> _RECORDS PROVIDED_:

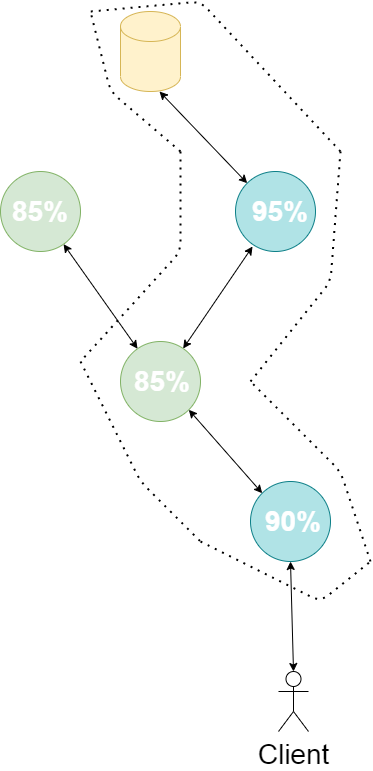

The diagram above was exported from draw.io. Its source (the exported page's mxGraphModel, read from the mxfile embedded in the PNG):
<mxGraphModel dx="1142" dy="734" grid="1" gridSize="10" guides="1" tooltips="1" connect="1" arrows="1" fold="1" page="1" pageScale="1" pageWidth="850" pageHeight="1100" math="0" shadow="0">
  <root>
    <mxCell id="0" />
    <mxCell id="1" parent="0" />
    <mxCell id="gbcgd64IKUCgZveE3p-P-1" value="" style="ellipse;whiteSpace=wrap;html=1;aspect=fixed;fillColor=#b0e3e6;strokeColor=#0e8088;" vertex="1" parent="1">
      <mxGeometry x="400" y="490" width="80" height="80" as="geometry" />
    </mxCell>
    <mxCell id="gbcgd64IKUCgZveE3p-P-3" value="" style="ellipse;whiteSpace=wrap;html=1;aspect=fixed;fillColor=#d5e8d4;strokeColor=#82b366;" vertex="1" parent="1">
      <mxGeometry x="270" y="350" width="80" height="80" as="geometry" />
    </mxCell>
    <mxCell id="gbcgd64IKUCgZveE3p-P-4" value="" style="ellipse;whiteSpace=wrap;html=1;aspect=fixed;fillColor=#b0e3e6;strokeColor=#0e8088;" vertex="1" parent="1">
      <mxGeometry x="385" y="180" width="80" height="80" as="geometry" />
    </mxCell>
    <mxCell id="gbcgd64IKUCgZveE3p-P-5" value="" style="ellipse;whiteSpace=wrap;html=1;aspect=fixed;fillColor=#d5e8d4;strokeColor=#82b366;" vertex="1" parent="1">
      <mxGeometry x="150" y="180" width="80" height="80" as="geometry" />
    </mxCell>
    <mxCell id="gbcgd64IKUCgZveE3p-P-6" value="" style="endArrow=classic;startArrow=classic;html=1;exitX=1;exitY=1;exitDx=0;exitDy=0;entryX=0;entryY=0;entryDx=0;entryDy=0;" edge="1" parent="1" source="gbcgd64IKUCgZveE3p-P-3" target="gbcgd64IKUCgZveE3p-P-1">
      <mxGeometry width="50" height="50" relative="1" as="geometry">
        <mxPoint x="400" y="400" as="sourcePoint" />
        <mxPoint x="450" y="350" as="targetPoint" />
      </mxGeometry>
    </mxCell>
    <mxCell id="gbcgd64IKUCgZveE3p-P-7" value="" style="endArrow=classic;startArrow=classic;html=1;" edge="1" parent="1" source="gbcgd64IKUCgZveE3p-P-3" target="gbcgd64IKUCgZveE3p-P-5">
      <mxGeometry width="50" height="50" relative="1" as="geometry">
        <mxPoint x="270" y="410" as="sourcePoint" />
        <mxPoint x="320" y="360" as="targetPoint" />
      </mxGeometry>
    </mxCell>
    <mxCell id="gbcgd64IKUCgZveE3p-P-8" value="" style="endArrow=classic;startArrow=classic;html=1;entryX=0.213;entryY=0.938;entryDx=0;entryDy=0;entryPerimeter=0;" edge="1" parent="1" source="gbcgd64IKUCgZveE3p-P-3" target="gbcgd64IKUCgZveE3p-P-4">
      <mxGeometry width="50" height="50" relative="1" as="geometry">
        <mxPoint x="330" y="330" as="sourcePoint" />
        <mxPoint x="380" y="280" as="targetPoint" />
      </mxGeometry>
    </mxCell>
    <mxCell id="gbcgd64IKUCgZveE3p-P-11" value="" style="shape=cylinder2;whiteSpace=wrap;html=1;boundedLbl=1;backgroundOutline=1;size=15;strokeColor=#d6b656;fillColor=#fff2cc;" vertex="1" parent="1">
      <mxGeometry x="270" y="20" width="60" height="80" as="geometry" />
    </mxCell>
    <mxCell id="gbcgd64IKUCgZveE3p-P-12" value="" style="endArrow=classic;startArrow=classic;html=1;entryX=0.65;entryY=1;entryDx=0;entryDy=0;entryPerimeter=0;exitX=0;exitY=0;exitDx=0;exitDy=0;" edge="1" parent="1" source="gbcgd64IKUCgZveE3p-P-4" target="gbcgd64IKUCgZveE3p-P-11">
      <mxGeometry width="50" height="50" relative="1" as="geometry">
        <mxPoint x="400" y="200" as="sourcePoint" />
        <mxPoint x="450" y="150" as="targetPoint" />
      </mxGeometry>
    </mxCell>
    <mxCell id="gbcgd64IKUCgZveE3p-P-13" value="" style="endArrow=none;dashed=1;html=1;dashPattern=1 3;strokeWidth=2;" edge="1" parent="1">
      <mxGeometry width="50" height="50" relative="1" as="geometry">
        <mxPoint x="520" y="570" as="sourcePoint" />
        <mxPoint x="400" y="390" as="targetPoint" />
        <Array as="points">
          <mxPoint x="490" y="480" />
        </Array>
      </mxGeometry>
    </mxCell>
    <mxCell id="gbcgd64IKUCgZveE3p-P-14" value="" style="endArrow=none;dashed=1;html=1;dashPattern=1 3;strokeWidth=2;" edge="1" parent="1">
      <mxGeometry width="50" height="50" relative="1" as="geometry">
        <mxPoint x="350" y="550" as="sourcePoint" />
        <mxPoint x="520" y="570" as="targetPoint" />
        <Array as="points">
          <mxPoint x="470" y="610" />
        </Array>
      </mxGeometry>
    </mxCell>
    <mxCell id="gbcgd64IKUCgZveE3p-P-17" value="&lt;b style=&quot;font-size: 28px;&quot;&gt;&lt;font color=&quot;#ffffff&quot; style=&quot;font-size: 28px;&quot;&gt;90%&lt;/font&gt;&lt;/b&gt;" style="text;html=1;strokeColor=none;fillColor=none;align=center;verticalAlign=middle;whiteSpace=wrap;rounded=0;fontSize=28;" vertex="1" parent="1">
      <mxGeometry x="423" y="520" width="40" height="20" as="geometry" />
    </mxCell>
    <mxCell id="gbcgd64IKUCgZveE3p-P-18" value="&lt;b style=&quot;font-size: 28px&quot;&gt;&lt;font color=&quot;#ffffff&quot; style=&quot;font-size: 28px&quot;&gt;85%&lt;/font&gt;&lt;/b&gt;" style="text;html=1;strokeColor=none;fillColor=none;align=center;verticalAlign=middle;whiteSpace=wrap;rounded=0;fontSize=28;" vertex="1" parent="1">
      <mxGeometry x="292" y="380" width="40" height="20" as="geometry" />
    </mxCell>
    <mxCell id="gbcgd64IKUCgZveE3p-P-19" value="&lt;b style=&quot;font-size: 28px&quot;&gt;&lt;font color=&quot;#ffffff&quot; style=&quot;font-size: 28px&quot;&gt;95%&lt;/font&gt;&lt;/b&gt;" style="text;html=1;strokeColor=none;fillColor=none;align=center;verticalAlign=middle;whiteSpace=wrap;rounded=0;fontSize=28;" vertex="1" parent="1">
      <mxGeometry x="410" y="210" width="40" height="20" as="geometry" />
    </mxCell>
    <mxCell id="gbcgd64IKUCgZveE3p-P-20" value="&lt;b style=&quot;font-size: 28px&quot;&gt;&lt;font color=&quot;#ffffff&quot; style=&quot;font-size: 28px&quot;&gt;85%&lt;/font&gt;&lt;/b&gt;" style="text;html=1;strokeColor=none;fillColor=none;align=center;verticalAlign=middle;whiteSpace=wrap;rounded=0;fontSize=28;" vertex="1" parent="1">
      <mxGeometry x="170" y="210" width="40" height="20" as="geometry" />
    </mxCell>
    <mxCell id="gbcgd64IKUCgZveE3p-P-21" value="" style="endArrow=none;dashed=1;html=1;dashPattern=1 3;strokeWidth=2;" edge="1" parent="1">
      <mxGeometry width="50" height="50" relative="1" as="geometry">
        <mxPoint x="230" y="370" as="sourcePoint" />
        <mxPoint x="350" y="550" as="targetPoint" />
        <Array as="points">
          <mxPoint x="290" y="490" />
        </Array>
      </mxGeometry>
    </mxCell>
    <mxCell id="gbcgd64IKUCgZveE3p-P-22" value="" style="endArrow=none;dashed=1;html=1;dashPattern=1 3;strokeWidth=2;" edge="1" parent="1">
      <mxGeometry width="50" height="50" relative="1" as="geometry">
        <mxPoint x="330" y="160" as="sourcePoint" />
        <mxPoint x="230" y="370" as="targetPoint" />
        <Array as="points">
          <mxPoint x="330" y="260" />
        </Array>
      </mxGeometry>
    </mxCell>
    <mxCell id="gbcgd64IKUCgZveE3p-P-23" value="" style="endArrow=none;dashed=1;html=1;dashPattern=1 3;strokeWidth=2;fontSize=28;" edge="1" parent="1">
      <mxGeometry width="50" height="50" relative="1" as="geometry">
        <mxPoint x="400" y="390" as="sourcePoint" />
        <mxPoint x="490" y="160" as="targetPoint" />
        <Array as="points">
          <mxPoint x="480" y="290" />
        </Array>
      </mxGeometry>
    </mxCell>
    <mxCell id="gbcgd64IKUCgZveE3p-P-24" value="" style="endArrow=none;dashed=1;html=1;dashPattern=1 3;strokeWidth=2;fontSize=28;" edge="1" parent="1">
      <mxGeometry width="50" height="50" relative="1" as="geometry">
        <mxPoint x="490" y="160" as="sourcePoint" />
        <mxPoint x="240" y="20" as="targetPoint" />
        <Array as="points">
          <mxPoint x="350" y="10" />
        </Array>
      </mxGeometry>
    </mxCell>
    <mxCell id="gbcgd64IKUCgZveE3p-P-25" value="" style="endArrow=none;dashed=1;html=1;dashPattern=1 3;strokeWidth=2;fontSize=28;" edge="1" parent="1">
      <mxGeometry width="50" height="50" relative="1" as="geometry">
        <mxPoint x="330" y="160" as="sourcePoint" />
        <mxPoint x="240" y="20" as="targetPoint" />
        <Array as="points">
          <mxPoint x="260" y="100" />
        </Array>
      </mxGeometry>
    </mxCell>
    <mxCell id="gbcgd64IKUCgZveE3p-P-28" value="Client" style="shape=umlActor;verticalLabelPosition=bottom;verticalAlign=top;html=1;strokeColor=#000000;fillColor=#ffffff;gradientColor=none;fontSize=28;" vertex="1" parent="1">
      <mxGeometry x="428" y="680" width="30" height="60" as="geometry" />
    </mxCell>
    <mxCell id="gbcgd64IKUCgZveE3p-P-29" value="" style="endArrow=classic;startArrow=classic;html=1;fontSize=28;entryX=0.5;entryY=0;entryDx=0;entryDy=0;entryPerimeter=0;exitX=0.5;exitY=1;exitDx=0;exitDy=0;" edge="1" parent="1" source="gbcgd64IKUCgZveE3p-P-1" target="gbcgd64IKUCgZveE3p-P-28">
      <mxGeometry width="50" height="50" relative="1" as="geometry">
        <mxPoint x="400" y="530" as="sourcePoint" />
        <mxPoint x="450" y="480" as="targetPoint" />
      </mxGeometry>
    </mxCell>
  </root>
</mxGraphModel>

> _ASSIGNED TASK_: Locate the word "page" in the entries, and copy every line where it is found.

> _FINAL ANSWER_:
The diagram above was exported from draw.io. Its source (the exported page's mxGraphModel, read from the mxfile embedded in the PNG):
<mxGraphModel dx="1142" dy="734" grid="1" gridSize="10" guides="1" tooltips="1" connect="1" arrows="1" fold="1" page="1" pageScale="1" pageWidth="850" pageHeight="1100" math="0" shadow="0">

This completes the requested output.